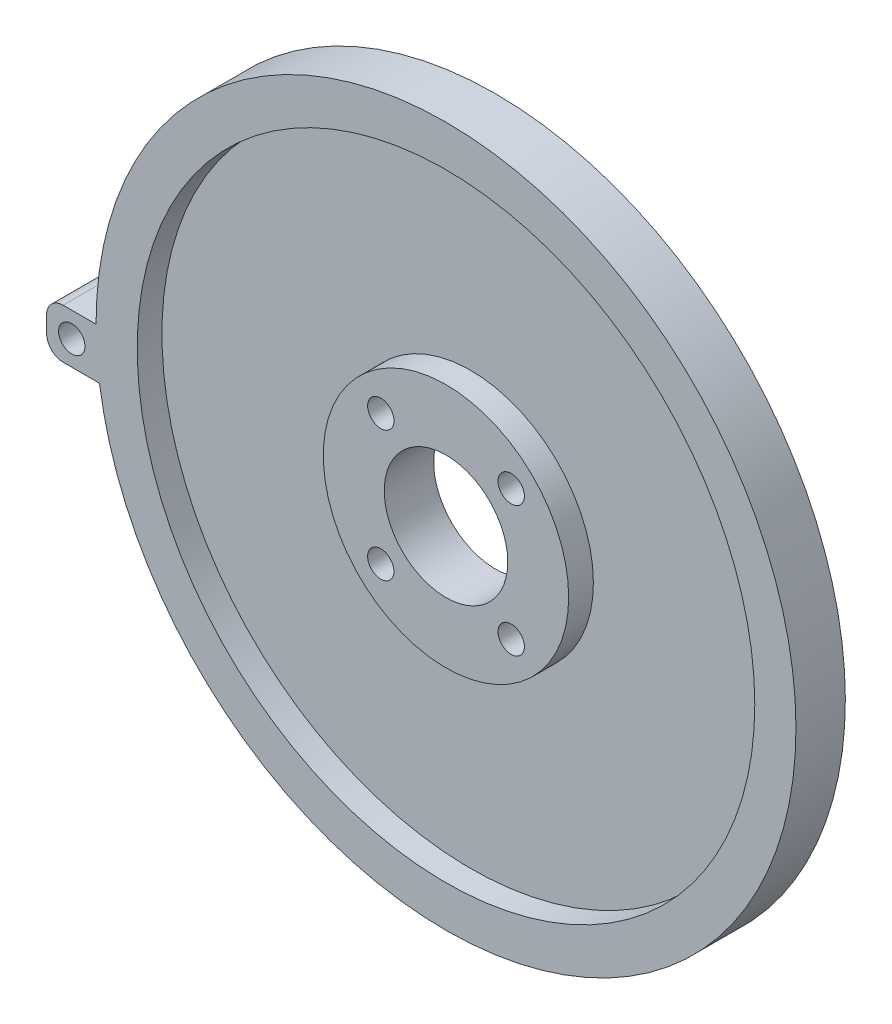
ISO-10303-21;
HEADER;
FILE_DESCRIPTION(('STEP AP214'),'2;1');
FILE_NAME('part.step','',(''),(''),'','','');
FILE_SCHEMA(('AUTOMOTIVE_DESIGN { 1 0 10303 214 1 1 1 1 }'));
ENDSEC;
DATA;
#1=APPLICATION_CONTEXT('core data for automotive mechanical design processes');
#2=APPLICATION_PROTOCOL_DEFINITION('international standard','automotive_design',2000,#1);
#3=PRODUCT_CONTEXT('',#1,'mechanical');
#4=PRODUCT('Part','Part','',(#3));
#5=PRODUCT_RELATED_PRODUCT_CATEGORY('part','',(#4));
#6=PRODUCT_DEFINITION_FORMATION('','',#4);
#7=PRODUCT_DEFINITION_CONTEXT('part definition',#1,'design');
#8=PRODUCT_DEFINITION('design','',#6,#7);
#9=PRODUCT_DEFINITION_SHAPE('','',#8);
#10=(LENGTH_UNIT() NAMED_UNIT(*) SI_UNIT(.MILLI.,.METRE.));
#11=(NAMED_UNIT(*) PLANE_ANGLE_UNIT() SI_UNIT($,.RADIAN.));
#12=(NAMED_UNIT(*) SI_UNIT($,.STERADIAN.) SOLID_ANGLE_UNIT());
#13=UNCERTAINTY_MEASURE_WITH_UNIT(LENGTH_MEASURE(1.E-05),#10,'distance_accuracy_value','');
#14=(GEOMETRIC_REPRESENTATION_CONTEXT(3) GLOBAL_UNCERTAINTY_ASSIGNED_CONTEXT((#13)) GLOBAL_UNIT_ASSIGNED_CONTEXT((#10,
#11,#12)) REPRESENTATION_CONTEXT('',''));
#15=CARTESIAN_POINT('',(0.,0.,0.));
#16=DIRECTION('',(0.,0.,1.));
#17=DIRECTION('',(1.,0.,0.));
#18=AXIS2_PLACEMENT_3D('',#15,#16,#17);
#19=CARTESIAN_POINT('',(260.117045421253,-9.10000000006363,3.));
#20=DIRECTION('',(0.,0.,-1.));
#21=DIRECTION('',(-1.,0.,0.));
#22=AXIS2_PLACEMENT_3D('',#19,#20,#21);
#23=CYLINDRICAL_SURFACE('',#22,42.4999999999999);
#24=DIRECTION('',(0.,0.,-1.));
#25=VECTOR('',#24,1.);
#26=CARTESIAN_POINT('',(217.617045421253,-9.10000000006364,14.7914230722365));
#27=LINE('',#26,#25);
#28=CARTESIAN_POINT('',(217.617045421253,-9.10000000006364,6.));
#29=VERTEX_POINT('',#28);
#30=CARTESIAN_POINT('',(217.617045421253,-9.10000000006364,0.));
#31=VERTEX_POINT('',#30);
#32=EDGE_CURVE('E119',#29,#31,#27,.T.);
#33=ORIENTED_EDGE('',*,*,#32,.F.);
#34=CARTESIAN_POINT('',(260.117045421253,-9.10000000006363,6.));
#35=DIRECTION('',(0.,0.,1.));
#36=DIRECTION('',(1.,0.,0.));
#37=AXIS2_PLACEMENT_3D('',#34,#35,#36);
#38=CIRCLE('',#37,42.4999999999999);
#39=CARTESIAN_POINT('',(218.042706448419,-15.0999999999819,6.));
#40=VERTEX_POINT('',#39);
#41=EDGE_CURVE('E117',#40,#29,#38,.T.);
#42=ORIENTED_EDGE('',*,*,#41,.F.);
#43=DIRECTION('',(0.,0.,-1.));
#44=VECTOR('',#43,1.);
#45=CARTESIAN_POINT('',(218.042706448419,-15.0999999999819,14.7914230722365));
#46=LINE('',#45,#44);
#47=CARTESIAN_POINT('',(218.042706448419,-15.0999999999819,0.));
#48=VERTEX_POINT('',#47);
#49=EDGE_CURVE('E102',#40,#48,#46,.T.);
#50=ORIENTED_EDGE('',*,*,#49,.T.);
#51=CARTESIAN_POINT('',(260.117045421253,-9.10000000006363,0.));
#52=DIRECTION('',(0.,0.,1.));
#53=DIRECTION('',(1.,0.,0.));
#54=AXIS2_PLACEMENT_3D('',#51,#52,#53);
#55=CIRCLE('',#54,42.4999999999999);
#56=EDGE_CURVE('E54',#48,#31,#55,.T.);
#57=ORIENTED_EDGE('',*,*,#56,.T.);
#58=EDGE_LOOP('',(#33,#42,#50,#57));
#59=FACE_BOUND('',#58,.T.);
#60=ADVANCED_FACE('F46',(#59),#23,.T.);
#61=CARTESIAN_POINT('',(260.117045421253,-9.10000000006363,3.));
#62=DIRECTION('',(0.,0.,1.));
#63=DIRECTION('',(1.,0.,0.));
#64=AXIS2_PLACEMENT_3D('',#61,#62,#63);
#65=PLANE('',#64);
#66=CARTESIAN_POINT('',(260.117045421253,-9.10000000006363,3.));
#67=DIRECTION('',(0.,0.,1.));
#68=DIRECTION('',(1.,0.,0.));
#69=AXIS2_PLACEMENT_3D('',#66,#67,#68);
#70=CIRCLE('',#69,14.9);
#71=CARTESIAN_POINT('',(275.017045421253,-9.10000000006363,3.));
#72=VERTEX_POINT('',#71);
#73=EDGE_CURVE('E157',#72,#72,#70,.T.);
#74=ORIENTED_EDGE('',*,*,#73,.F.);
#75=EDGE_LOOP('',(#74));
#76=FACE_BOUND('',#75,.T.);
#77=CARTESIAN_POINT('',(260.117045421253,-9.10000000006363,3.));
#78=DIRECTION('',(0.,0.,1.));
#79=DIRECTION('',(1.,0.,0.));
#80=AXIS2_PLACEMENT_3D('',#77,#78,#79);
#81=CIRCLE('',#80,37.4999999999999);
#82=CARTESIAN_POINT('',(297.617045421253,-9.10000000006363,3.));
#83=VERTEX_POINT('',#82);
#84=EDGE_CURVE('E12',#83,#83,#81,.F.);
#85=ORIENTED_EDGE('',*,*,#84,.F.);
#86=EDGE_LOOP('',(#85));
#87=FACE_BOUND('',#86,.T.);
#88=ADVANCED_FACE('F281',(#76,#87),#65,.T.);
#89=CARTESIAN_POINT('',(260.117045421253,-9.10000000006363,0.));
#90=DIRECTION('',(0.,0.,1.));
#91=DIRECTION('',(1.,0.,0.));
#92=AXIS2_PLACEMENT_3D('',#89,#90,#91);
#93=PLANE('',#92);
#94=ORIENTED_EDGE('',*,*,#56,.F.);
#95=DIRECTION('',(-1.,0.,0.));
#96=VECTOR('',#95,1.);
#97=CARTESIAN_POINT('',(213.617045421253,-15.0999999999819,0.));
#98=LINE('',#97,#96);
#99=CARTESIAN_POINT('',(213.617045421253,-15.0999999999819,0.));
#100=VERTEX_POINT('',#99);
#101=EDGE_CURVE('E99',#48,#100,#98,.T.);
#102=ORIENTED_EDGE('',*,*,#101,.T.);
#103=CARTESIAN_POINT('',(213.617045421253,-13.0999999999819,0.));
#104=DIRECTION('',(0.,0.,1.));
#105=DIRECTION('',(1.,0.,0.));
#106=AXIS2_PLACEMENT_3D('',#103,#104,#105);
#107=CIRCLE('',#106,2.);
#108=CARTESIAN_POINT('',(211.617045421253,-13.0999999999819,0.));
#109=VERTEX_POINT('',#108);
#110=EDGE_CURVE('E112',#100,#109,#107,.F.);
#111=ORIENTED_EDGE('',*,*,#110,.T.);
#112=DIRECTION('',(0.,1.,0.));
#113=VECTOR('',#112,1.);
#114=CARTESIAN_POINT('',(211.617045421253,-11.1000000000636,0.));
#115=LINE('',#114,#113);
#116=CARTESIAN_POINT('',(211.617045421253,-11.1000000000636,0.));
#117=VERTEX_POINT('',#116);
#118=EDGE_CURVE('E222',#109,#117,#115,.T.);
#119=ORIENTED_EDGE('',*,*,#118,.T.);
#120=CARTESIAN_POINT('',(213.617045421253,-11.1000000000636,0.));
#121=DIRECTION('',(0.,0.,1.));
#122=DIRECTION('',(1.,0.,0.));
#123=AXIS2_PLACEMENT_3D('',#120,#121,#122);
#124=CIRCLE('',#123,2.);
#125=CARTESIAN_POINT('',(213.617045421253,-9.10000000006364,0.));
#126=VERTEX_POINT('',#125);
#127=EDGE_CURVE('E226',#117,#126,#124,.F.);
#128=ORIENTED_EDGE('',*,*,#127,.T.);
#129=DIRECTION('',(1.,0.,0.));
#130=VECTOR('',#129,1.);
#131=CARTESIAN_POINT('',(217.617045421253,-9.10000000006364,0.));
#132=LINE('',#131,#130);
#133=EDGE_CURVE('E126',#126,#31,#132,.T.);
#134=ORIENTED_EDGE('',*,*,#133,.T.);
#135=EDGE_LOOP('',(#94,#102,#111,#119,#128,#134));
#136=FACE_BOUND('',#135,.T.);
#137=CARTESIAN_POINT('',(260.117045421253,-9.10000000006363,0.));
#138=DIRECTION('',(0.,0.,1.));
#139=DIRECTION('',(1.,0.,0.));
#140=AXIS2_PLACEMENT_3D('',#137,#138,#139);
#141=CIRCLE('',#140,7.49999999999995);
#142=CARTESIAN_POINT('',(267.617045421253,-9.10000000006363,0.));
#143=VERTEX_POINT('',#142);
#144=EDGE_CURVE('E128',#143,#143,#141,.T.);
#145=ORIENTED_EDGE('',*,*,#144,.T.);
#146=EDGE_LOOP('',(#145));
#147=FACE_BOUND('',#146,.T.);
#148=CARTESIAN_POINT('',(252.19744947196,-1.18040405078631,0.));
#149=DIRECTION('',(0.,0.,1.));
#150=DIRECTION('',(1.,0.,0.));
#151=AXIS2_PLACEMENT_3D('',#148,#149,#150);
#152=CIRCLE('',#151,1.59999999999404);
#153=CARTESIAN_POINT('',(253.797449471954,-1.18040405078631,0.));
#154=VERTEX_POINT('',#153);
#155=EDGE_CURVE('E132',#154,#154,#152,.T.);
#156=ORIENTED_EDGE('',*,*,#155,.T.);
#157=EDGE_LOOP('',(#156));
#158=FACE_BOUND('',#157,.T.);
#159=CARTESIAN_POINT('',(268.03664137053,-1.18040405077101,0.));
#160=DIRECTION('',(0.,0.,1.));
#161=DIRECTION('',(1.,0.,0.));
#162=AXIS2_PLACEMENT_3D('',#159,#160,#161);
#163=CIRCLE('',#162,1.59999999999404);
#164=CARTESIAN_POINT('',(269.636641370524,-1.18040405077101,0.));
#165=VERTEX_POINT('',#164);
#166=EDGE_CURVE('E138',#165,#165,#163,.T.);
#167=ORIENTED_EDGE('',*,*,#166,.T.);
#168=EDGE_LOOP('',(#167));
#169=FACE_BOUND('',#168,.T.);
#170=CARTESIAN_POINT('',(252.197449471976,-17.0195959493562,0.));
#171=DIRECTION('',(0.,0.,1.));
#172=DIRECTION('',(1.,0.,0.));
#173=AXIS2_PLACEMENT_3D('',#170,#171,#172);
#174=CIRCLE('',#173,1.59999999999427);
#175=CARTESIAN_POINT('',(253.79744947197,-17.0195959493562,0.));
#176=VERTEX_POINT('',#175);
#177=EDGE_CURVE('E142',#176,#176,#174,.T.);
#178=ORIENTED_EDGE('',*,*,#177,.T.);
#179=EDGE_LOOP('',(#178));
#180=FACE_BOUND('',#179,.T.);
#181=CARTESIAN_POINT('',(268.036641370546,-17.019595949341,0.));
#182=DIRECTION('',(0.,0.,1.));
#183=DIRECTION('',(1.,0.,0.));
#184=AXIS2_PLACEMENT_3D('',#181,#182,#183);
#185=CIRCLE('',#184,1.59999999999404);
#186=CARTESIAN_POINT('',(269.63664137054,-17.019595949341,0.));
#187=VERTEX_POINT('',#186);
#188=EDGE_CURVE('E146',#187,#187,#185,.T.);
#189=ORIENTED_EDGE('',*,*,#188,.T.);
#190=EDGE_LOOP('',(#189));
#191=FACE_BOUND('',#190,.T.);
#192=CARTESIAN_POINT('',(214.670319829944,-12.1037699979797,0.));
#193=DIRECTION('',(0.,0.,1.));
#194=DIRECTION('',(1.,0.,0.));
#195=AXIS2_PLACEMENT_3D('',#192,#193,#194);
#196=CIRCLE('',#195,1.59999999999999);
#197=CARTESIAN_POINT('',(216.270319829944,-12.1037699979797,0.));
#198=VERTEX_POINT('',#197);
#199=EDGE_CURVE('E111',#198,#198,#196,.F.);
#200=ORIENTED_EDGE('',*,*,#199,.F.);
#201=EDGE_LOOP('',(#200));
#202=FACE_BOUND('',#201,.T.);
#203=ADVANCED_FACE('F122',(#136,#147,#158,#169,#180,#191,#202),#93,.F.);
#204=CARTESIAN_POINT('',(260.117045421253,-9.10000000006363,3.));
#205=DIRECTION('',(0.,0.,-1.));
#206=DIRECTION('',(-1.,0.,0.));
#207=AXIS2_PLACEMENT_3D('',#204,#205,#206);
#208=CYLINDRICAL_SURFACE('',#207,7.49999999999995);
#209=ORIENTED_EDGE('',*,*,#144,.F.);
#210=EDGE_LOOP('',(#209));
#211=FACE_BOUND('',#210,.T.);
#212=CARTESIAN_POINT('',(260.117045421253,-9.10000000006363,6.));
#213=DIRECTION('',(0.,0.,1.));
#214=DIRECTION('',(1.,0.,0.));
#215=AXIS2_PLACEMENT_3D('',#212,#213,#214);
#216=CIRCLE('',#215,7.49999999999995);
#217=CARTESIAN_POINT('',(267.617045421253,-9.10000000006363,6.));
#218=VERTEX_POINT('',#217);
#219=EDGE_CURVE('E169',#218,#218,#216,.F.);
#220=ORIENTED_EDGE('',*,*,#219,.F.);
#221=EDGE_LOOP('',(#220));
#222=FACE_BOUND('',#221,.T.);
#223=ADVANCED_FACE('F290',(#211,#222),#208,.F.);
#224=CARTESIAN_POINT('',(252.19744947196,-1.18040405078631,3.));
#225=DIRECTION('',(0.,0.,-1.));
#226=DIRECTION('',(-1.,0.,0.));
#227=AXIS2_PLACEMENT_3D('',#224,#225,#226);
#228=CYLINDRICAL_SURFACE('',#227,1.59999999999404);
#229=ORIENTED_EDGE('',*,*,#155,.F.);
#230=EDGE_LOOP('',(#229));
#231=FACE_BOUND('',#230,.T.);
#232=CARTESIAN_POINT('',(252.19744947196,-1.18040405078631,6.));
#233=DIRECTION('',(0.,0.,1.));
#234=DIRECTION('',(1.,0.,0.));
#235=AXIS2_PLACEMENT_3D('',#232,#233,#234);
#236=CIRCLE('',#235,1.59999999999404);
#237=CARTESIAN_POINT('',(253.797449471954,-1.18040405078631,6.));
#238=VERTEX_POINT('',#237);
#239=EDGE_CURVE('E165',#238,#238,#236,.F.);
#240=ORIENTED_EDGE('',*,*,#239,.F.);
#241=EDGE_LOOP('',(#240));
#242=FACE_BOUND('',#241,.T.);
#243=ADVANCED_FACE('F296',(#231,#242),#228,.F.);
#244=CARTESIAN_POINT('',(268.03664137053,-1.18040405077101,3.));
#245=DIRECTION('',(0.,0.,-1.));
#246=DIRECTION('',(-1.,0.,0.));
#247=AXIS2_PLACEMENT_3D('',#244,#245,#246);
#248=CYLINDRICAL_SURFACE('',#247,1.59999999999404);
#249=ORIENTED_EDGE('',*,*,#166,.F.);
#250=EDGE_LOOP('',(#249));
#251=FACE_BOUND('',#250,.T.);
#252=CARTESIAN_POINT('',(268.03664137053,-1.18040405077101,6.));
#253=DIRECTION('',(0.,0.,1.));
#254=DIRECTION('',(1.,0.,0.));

■ ■ ■

■ **THE PROBLEM**
Scan the records above for the lines holding "#218=VERTEX_POINT('',#217);" and "#236=CIRCLE('',#235,1.59999999999404);". Transcribe those two and every line between them word for word, and no others.

■ **RESULT OF THE EXERCISE**
#218=VERTEX_POINT('',#217);
#219=EDGE_CURVE('E169',#218,#218,#216,.F.);
#220=ORIENTED_EDGE('',*,*,#219,.F.);
#221=EDGE_LOOP('',(#220));
#222=FACE_BOUND('',#221,.T.);
#223=ADVANCED_FACE('F290',(#211,#222),#208,.F.);
#224=CARTESIAN_POINT('',(252.19744947196,-1.18040405078631,3.));
#225=DIRECTION('',(0.,0.,-1.));
#226=DIRECTION('',(-1.,0.,0.));
#227=AXIS2_PLACEMENT_3D('',#224,#225,#226);
#228=CYLINDRICAL_SURFACE('',#227,1.59999999999404);
#229=ORIENTED_EDGE('',*,*,#155,.F.);
#230=EDGE_LOOP('',(#229));
#231=FACE_BOUND('',#230,.T.);
#232=CARTESIAN_POINT('',(252.19744947196,-1.18040405078631,6.));
#233=DIRECTION('',(0.,0.,1.));
#234=DIRECTION('',(1.,0.,0.));
#235=AXIS2_PLACEMENT_3D('',#232,#233,#234);
#236=CIRCLE('',#235,1.59999999999404);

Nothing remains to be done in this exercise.